Source data:
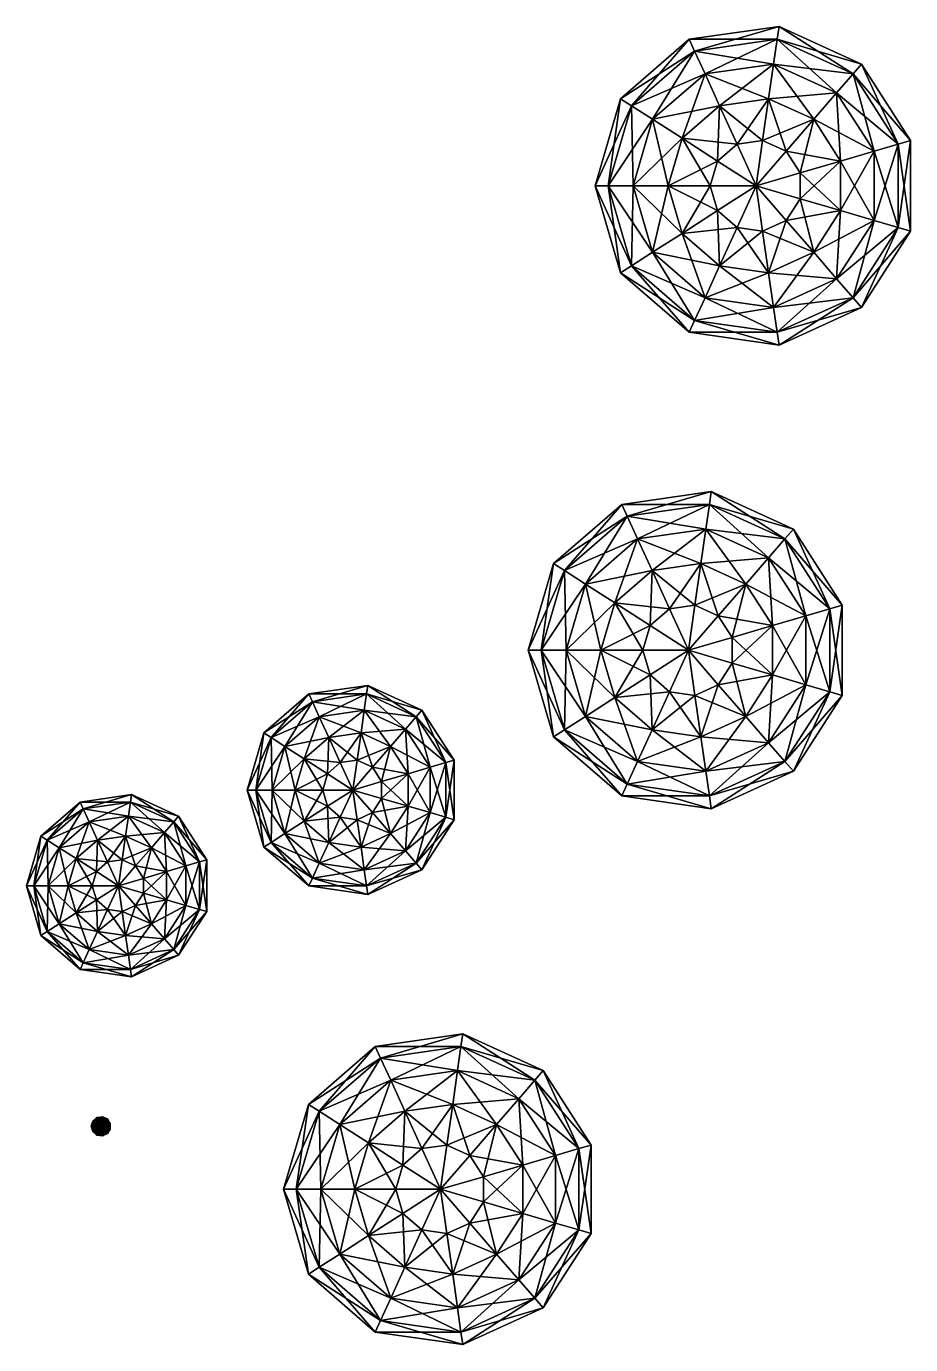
# Model space of a CAD drawing. Header units: metres. Extents: x -10.3 to 41.6, y -10.6 to 40.3.
# Drawn here: x 19.69 to 33.75, y -10.57 to 10.38 of the extents above; entities that cross this region are included whole.
import ezdxf

# ---------------------------------------------------------------- set-up
doc = ezdxf.new("R2010")
doc.units = ezdxf.units.M

msp = doc.modelspace()

# ---------------------------------------------------------------- meshes
at = {"layer": '4', "color": 3}
mesh = msp.add_polyface(dxfattribs=at)
corners = [(31.292, 7.843, 0.089), (30.563, 7.843, 0.193), (29.894, 7.843, 0.499), (29.337, 7.843, 0.981), (28.939, 7.843, 1.6), (28.732, 7.843, 2.307), (28.732, 7.843, 3.043), (28.939, 7.843, 3.749), (29.337, 7.843, 4.368), (29.894, 7.843, 4.85), (30.563, 7.843, 5.156), (31.292, 7.843, 5.261), (31.292, 7.843, 0.089), (30.679, 7.449, 0.193), (30.115, 7.087, 0.499), (29.647, 6.786, 0.981), (29.313, 6.571, 1.6), (29.138, 6.459, 2.307), (29.138, 6.459, 3.043), (29.313, 6.571, 3.749), (29.647, 6.786, 4.368), (30.115, 7.087, 4.85), (30.679, 7.449, 5.156), (31.292, 7.843, 5.261), (31.292, 7.843, 0.089), (30.989, 7.18, 0.193), (30.711, 6.571, 0.499), (30.48, 6.065, 0.981), (30.314, 5.703, 1.6), (30.228, 5.515, 2.307), (30.228, 5.515, 3.043), (30.314, 5.703, 3.749), (30.48, 6.065, 4.368), (30.711, 6.571, 4.85), (30.989, 7.18, 5.156), (31.292, 7.843, 5.261), (31.292, 7.843, 0.089), (31.395, 7.122, 0.193), (31.491, 6.459, 0.499), (31.57, 5.909, 0.981), (31.626, 5.515, 1.6), (31.656, 5.309, 2.307), (31.656, 5.309, 3.043), (31.626, 5.515, 3.749), (31.57, 5.909, 4.368), (31.491, 6.459, 4.85), (31.395, 7.122, 5.156), (31.292, 7.843, 5.261), (31.292, 7.843, 0.089), (31.769, 7.292, 0.193), (32.207, 6.786, 0.499), (32.571, 6.366, 0.981), (32.832, 6.065, 1.6), (32.968, 5.909, 2.307), (32.968, 5.909, 3.043), (32.832, 6.065, 3.749), (32.571, 6.366, 4.368), (32.207, 6.786, 4.85), (31.769, 7.292, 5.156), (31.292, 7.843, 5.261), (31.292, 7.843, 0.089), (31.991, 7.638, 0.193), (32.633, 7.449, 0.499), (33.167, 7.292, 0.981), (33.549, 7.18, 1.6), (33.748, 7.122, 2.307), (33.748, 7.122, 3.043), (33.549, 7.18, 3.749), (33.167, 7.292, 4.368), (32.633, 7.449, 4.85), (31.991, 7.638, 5.156), (31.292, 7.843, 5.261), (31.292, 7.843, 0.089), (31.991, 8.048, 0.193), (32.633, 8.237, 0.499), (33.167, 8.394, 0.981), (33.549, 8.506, 1.6), (33.748, 8.564, 2.307), (33.748, 8.564, 3.043), (33.549, 8.506, 3.749), (33.167, 8.394, 4.368), (32.633, 8.237, 4.85), (31.991, 8.048, 5.156), (31.292, 7.843, 5.261), (31.292, 7.843, 0.089), (31.769, 8.394, 0.193), (32.207, 8.9, 0.499), (32.571, 9.32, 0.981), (32.832, 9.621, 1.6), (32.968, 9.777, 2.307), (32.968, 9.777, 3.043), (32.832, 9.621, 3.749), (32.571, 9.32, 4.368), (32.207, 8.9, 4.85), (31.769, 8.394, 5.156), (31.292, 7.843, 5.261), (31.292, 7.843, 0.089), (31.395, 8.564, 0.193), (31.491, 9.227, 0.499), (31.57, 9.777, 0.981), (31.626, 10.171, 1.6), (31.656, 10.377, 2.307), (31.656, 10.377, 3.043), (31.626, 10.171, 3.749), (31.57, 9.777, 4.368), (31.491, 9.227, 4.85), (31.395, 8.564, 5.156), (31.292, 7.843, 5.261), (31.292, 7.843, 0.089), (30.989, 8.506, 0.193), (30.711, 9.115, 0.499), (30.48, 9.621, 0.981), (30.314, 9.983, 1.6), (30.228, 10.171, 2.307), (30.228, 10.171, 3.043), (30.314, 9.983, 3.749), (30.48, 9.621, 4.368), (30.711, 9.115, 4.85), (30.989, 8.506, 5.156), (31.292, 7.843, 5.261), (31.292, 7.843, 0.089), (30.679, 8.237, 0.193), (30.115, 8.599, 0.499), (29.647, 8.9, 0.981), (29.313, 9.115, 1.6), (29.138, 9.227, 2.307), (29.138, 9.227, 3.043), (29.313, 9.115, 3.749), (29.647, 8.9, 4.368), (30.115, 8.599, 4.85), (30.679, 8.237, 5.156), (31.292, 7.843, 5.261), (31.292, 7.843, 0.089), (30.563, 7.843, 0.193), (29.894, 7.843, 0.499), (29.337, 7.843, 0.981), (28.939, 7.843, 1.6), (28.732, 7.843, 2.307), (28.732, 7.843, 3.043), (28.939, 7.843, 3.749), (29.337, 7.843, 4.368), (29.894, 7.843, 4.85), (30.563, 7.843, 5.156), (31.292, 7.843, 5.261)]
mesh.append_faces([[corners[k] for k in face] for face in [(0, 12, 13), (1, 13, 14), (2, 14, 15), (3, 15, 16), (4, 16, 17), (5, 17, 18), (6, 18, 19), (7, 19, 20), (8, 20, 21), (9, 21, 22), (10, 22, 23), (12, 24, 25), (13, 25, 26), (14, 26, 27), (15, 27, 28), (16, 28, 29), (17, 29, 30), (18, 30, 31), (19, 31, 32), (20, 32, 33), (21, 33, 34), (22, 34, 35), (24, 36, 37), (25, 37, 38), (26, 38, 39), (27, 39, 40), (28, 40, 41), (29, 41, 42), (30, 42, 43), (31, 43, 44), (32, 44, 45), (33, 45, 46), (34, 46, 47), (36, 48, 49), (37, 49, 50), (38, 50, 51), (39, 51, 52), (40, 52, 53), (41, 53, 54), (42, 54, 55), (43, 55, 56), (44, 56, 57), (45, 57, 58), (46, 58, 59), (48, 60, 61), (49, 61, 62), (50, 62, 63), (51, 63, 64), (52, 64, 65), (53, 65, 66), (54, 66, 67), (55, 67, 68), (56, 68, 69), (57, 69, 70), (58, 70, 71), (60, 72, 73), (61, 73, 74), (62, 74, 75), (63, 75, 76), (64, 76, 77), (65, 77, 78), (66, 78, 79), (67, 79, 80), (68, 80, 81), (69, 81, 82), (70, 82, 83), (72, 84, 85), (73, 85, 86), (74, 86, 87), (75, 87, 88), (76, 88, 89), (77, 89, 90), (78, 90, 91), (79, 91, 92), (80, 92, 93), (81, 93, 94), (82, 94, 95), (84, 96, 97), (85, 97, 98), (86, 98, 99), (87, 99, 100), (88, 100, 101), (89, 101, 102), (90, 102, 103), (91, 103, 104), (92, 104, 105), (93, 105, 106), (94, 106, 107), (96, 108, 109), (97, 109, 110), (98, 110, 111), (99, 111, 112), (100, 112, 113), (101, 113, 114), (102, 114, 115), (103, 115, 116), (104, 116, 117), (105, 117, 118), (106, 118, 119), (108, 120, 121), (109, 121, 122), (110, 122, 123), (111, 123, 124), (112, 124, 125), (113, 125, 126), (114, 126, 127), (115, 127, 128), (116, 128, 129), (117, 129, 130), (118, 130, 131), (120, 132, 133), (121, 133, 134), (122, 134, 135), (123, 135, 136), (124, 136, 137), (125, 137, 138), (126, 138, 139), (127, 139, 140), (128, 140, 141), (129, 141, 142), (130, 142, 143), (0, 13, 1), (1, 14, 2), (2, 15, 3), (3, 16, 4), (4, 17, 5), (5, 18, 6), (6, 19, 7), (7, 20, 8), (8, 21, 9), (9, 22, 10), (10, 23, 11), (12, 25, 13), (13, 26, 14), (14, 27, 15), (15, 28, 16), (16, 29, 17), (17, 30, 18), (18, 31, 19), (19, 32, 20), (20, 33, 21), (21, 34, 22), (22, 35, 23), (24, 37, 25), (25, 38, 26), (26, 39, 27), (27, 40, 28), (28, 41, 29), (29, 42, 30), (30, 43, 31), (31, 44, 32), (32, 45, 33), (33, 46, 34), (34, 47, 35), (36, 49, 37), (37, 50, 38), (38, 51, 39), (39, 52, 40), (40, 53, 41), (41, 54, 42), (42, 55, 43), (43, 56, 44), (44, 57, 45), (45, 58, 46), (46, 59, 47), (48, 61, 49), (49, 62, 50), (50, 63, 51), (51, 64, 52), (52, 65, 53), (53, 66, 54), (54, 67, 55), (55, 68, 56), (56, 69, 57), (57, 70, 58), (58, 71, 59), (60, 73, 61), (61, 74, 62), (62, 75, 63), (63, 76, 64), (64, 77, 65), (65, 78, 66), (66, 79, 67), (67, 80, 68), (68, 81, 69), (69, 82, 70), (70, 83, 71), (72, 85, 73), (73, 86, 74), (74, 87, 75), (75, 88, 76), (76, 89, 77), (77, 90, 78), (78, 91, 79), (79, 92, 80), (80, 93, 81), (81, 94, 82), (82, 95, 83), (84, 97, 85), (85, 98, 86), (86, 99, 87), (87, 100, 88), (88, 101, 89), (89, 102, 90), (90, 103, 91), (91, 104, 92), (92, 105, 93), (93, 106, 94), (94, 107, 95), (96, 109, 97), (97, 110, 98), (98, 111, 99), (99, 112, 100), (100, 113, 101), (101, 114, 102), (102, 115, 103), (103, 116, 104), (104, 117, 105), (105, 118, 106), (106, 119, 107), (108, 121, 109), (109, 122, 110), (110, 123, 111), (111, 124, 112), (112, 125, 113), (113, 126, 114), (114, 127, 115), (115, 128, 116), (116, 129, 117), (117, 130, 118), (118, 131, 119), (120, 133, 121), (121, 134, 122), (122, 135, 123), (123, 136, 124), (124, 137, 125), (125, 138, 126), (126, 139, 127), (127, 140, 128), (128, 141, 129), (129, 142, 130), (130, 143, 131)]], dxfattribs={"color": 3})
mesh = msp.add_polyface(dxfattribs=at)
corners = [(30.216, 0.463, -8.261), (29.492, 0.463, -8.157), (28.825, 0.463, -7.853), (28.272, 0.463, -7.373), (27.876, 0.463, -6.757), (27.669, 0.463, -6.054), (27.669, 0.463, -5.322), (27.876, 0.463, -4.619), (28.272, 0.463, -4.003), (28.825, 0.463, -3.523), (29.492, 0.463, -3.219), (30.216, 0.463, -3.115), (30.216, 0.463, -8.261), (29.607, 0.071, -8.157), (29.046, -0.29, -7.853), (28.58, -0.589, -7.373), (28.247, -0.803, -6.757), (28.074, -0.915, -6.054), (28.074, -0.915, -5.322), (28.247, -0.803, -4.619), (28.58, -0.589, -4.003), (29.046, -0.29, -3.523), (29.607, 0.071, -3.219), (30.216, 0.463, -3.115), (30.216, 0.463, -8.261), (29.915, -0.197, -8.157), (29.639, -0.803, -7.853), (29.409, -1.306, -7.373), (29.244, -1.667, -6.757), (29.158, -1.854, -6.054), (29.158, -1.854, -5.322), (29.244, -1.667, -4.619), (29.409, -1.306, -4.003), (29.639, -0.803, -3.523), (29.915, -0.197, -3.219), (30.216, 0.463, -3.115), (30.216, 0.463, -8.261), (30.32, -0.255, -8.157), (30.414, -0.915, -7.853), (30.493, -1.462, -7.373), (30.55, -1.854, -6.757), (30.579, -2.059, -6.054), (30.579, -2.059, -5.322), (30.55, -1.854, -4.619), (30.493, -1.462, -4.003), (30.414, -0.915, -3.523), (30.32, -0.255, -3.219), (30.216, 0.463, -3.115), (30.216, 0.463, -8.261), (30.691, -0.085, -8.157), (31.128, -0.589, -7.853), (31.49, -1.007, -7.373), (31.749, -1.306, -6.757), (31.884, -1.462, -6.054), (31.884, -1.462, -5.322), (31.749, -1.306, -4.619), (31.49, -1.007, -4.003), (31.128, -0.589, -3.523), (30.691, -0.085, -3.219), (30.216, 0.463, -3.115), (30.216, 0.463, -8.261), (30.912, 0.258, -8.157), (31.551, 0.071, -7.853), (32.082, -0.085, -7.373), (32.462, -0.197, -6.757), (32.66, -0.255, -6.054), (32.66, -0.255, -5.322), (32.462, -0.197, -4.619), (32.082, -0.085, -4.003), (31.551, 0.071, -3.523), (30.912, 0.258, -3.219), (30.216, 0.463, -3.115), (30.216, 0.463, -8.261), (30.912, 0.667, -8.157), (31.551, 0.854, -7.853), (32.082, 1.01, -7.373), (32.462, 1.122, -6.757), (32.66, 1.18, -6.054), (32.66, 1.18, -5.322), (32.462, 1.122, -4.619), (32.082, 1.01, -4.003), (31.551, 0.854, -3.523), (30.912, 0.667, -3.219), (30.216, 0.463, -3.115), (30.216, 0.463, -8.261), (30.691, 1.01, -8.157), (31.128, 1.514, -7.853), (31.49, 1.932, -7.373), (31.749, 2.232, -6.757), (31.884, 2.387, -6.054), (31.884, 2.387, -5.322), (31.749, 2.232, -4.619), (31.49, 1.932, -4.003), (31.128, 1.514, -3.523), (30.691, 1.01, -3.219), (30.216, 0.463, -3.115), (30.216, 0.463, -8.261), (30.32, 1.18, -8.157), (30.414, 1.84, -7.853), (30.493, 2.387, -7.373), (30.55, 2.779, -6.757), (30.579, 2.984, -6.054), (30.579, 2.984, -5.322), (30.55, 2.779, -4.619), (30.493, 2.387, -4.003), (30.414, 1.84, -3.523), (30.32, 1.18, -3.219), (30.216, 0.463, -3.115), (30.216, 0.463, -8.261), (29.915, 1.122, -8.157), (29.639, 1.728, -7.853), (29.409, 2.232, -7.373), (29.244, 2.592, -6.757), (29.158, 2.779, -6.054), (29.158, 2.779, -5.322), (29.244, 2.592, -4.619), (29.409, 2.232, -4.003), (29.639, 1.728, -3.523), (29.915, 1.122, -3.219), (30.216, 0.463, -3.115), (30.216, 0.463, -8.261), (29.607, 0.854, -8.157), (29.046, 1.215, -7.853), (28.58, 1.514, -7.373), (28.247, 1.728, -6.757), (28.074, 1.84, -6.054), (28.074, 1.84, -5.322), (28.247, 1.728, -4.619), (28.58, 1.514, -4.003), (29.046, 1.215, -3.523), (29.607, 0.854, -3.219), (30.216, 0.463, -3.115), (30.216, 0.463, -8.261), (29.492, 0.463, -8.157), (28.825, 0.463, -7.853), (28.272, 0.463, -7.373), (27.876, 0.463, -6.757), (27.669, 0.463, -6.054), (27.669, 0.463, -5.322), (27.876, 0.463, -4.619), (28.272, 0.463, -4.003), (28.825, 0.463, -3.523), (29.492, 0.463, -3.219), (30.216, 0.463, -3.115)]
mesh.append_faces([[corners[k] for k in face] for face in [(0, 12, 13), (1, 13, 14), (2, 14, 15), (3, 15, 16), (4, 16, 17), (5, 17, 18), (6, 18, 19), (7, 19, 20), (8, 20, 21), (9, 21, 22), (10, 22, 23), (12, 24, 25), (13, 25, 26), (14, 26, 27), (15, 27, 28), (16, 28, 29), (17, 29, 30), (18, 30, 31), (19, 31, 32), (20, 32, 33), (21, 33, 34), (22, 34, 35), (24, 36, 37), (25, 37, 38), (26, 38, 39), (27, 39, 40), (28, 40, 41), (29, 41, 42), (30, 42, 43), (31, 43, 44), (32, 44, 45), (33, 45, 46), (34, 46, 47), (36, 48, 49), (37, 49, 50), (38, 50, 51), (39, 51, 52), (40, 52, 53), (41, 53, 54), (42, 54, 55), (43, 55, 56), (44, 56, 57), (45, 57, 58), (46, 58, 59), (48, 60, 61), (49, 61, 62), (50, 62, 63), (51, 63, 64), (52, 64, 65), (53, 65, 66), (54, 66, 67), (55, 67, 68), (56, 68, 69), (57, 69, 70), (58, 70, 71), (60, 72, 73), (61, 73, 74), (62, 74, 75), (63, 75, 76), (64, 76, 77), (65, 77, 78), (66, 78, 79), (67, 79, 80), (68, 80, 81), (69, 81, 82), (70, 82, 83), (72, 84, 85), (73, 85, 86), (74, 86, 87), (75, 87, 88), (76, 88, 89), (77, 89, 90), (78, 90, 91), (79, 91, 92), (80, 92, 93), (81, 93, 94), (82, 94, 95), (84, 96, 97), (85, 97, 98), (86, 98, 99), (87, 99, 100), (88, 100, 101), (89, 101, 102), (90, 102, 103), (91, 103, 104), (92, 104, 105), (93, 105, 106), (94, 106, 107), (96, 108, 109), (97, 109, 110), (98, 110, 111), (99, 111, 112), (100, 112, 113), (101, 113, 114), (102, 114, 115), (103, 115, 116), (104, 116, 117), (105, 117, 118), (106, 118, 119), (108, 120, 121), (109, 121, 122), (110, 122, 123), (111, 123, 124), (112, 124, 125), (113, 125, 126), (114, 126, 127), (115, 127, 128), (116, 128, 129), (117, 129, 130), (118, 130, 131), (120, 132, 133), (121, 133, 134), (122, 134, 135), (123, 135, 136), (124, 136, 137), (125, 137, 138), (126, 138, 139), (127, 139, 140), (128, 140, 141), (129, 141, 142), (130, 142, 143), (0, 13, 1), (1, 14, 2), (2, 15, 3), (3, 16, 4), (4, 17, 5), (5, 18, 6), (6, 19, 7), (7, 20, 8), (8, 21, 9), (9, 22, 10), (10, 23, 11), (12, 25, 13), (13, 26, 14), (14, 27, 15), (15, 28, 16), (16, 29, 17), (17, 30, 18), (18, 31, 19), (19, 32, 20), (20, 33, 21), (21, 34, 22), (22, 35, 23), (24, 37, 25), (25, 38, 26), (26, 39, 27), (27, 40, 28), (28, 41, 29), (29, 42, 30), (30, 43, 31), (31, 44, 32), (32, 45, 33), (33, 46, 34), (34, 47, 35), (36, 49, 37), (37, 50, 38), (38, 51, 39), (39, 52, 40), (40, 53, 41), (41, 54, 42), (42, 55, 43), (43, 56, 44), (44, 57, 45), (45, 58, 46), (46, 59, 47), (48, 61, 49), (49, 62, 50), (50, 63, 51), (51, 64, 52), (52, 65, 53), (53, 66, 54), (54, 67, 55), (55, 68, 56), (56, 69, 57), (57, 70, 58), (58, 71, 59), (60, 73, 61), (61, 74, 62), (62, 75, 63), (63, 76, 64), (64, 77, 65), (65, 78, 66), (66, 79, 67), (67, 80, 68), (68, 81, 69), (69, 82, 70), (70, 83, 71), (72, 85, 73), (73, 86, 74), (74, 87, 75), (75, 88, 76), (76, 89, 77), (77, 90, 78), (78, 91, 79), (79, 92, 80), (80, 93, 81), (81, 94, 82), (82, 95, 83), (84, 97, 85), (85, 98, 86), (86, 99, 87), (87, 100, 88), (88, 101, 89), (89, 102, 90), (90, 103, 91), (91, 104, 92), (92, 105, 93), (93, 106, 94), (94, 107, 95), (96, 109, 97), (97, 110, 98), (98, 111, 99), (99, 112, 100), (100, 113, 101), (101, 114, 102), (102, 115, 103), (103, 116, 104), (104, 117, 105), (105, 118, 106), (106, 119, 107), (108, 121, 109), (109, 122, 110), (110, 123, 111), (111, 124, 112), (112, 125, 113), (113, 126, 114), (114, 127, 115), (115, 128, 116), (116, 129, 117), (117, 130, 118), (118, 131, 119), (120, 133, 121), (121, 134, 122), (122, 135, 123), (123, 136, 124), (124, 137, 125), (125, 138, 126), (126, 139, 127), (127, 140, 128), (128, 141, 129), (129, 142, 130), (130, 143, 131)]], dxfattribs={"color": 3})
mesh = msp.add_polyface(dxfattribs=at)
corners = [(24.882, -1.759, -4.115), (24.405, -1.759, -4.047), (23.966, -1.759, -3.846), (23.601, -1.759, -3.53), (23.341, -1.759, -3.125), (23.205, -1.759, -2.662), (23.205, -1.759, -2.179), (23.341, -1.759, -1.717), (23.601, -1.759, -1.311), (23.966, -1.759, -0.995), (24.405, -1.759, -0.795), (24.882, -1.759, -0.726), (24.882, -1.759, -4.115), (24.481, -2.017, -4.047), (24.111, -2.254, -3.846), (23.805, -2.451, -3.53), (23.585, -2.592, -3.125), (23.471, -2.665, -2.662), (23.471, -2.665, -2.179), (23.585, -2.592, -1.717), (23.805, -2.451, -1.311), (24.111, -2.254, -0.995), (24.481, -2.017, -0.795), (24.882, -1.759, -0.726), (24.882, -1.759, -4.115), (24.684, -2.193, -4.047), (24.502, -2.592, -3.846), (24.35, -2.924, -3.53), (24.242, -3.161, -3.125), (24.185, -3.284, -2.662), (24.185, -3.284, -2.179), (24.242, -3.161, -1.717), (24.35, -2.924, -1.311), (24.502, -2.592, -0.995), (24.684, -2.193, -0.795), (24.882, -1.759, -0.726), (24.882, -1.759, -4.115), (24.95, -2.231, -4.047), (25.013, -2.665, -3.846), (25.064, -3.026, -3.53), (25.102, -3.284, -3.125), (25.121, -3.419, -2.662), (25.121, -3.419, -2.179), (25.102, -3.284, -1.717), (25.064, -3.026, -1.311), (25.013, -2.665, -0.995), (24.95, -2.231, -0.795), (24.882, -1.759, -0.726), (24.882, -1.759, -4.115), (25.195, -2.119, -4.047), (25.482, -2.451, -3.846), (25.721, -2.726, -3.53), (25.892, -2.924, -3.125), (25.981, -3.026, -2.662), (25.981, -3.026, -2.179), (25.892, -2.924, -1.717), (25.721, -2.726, -1.311), (25.482, -2.451, -0.995), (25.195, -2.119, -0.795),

◆ WHAT YOU WILL DO
Take every line above where "ezdxf" appears and copy it.

◆ ANSWER SPACE
import ezdxf
doc = ezdxf.new("R2010")
doc.units = ezdxf.units.M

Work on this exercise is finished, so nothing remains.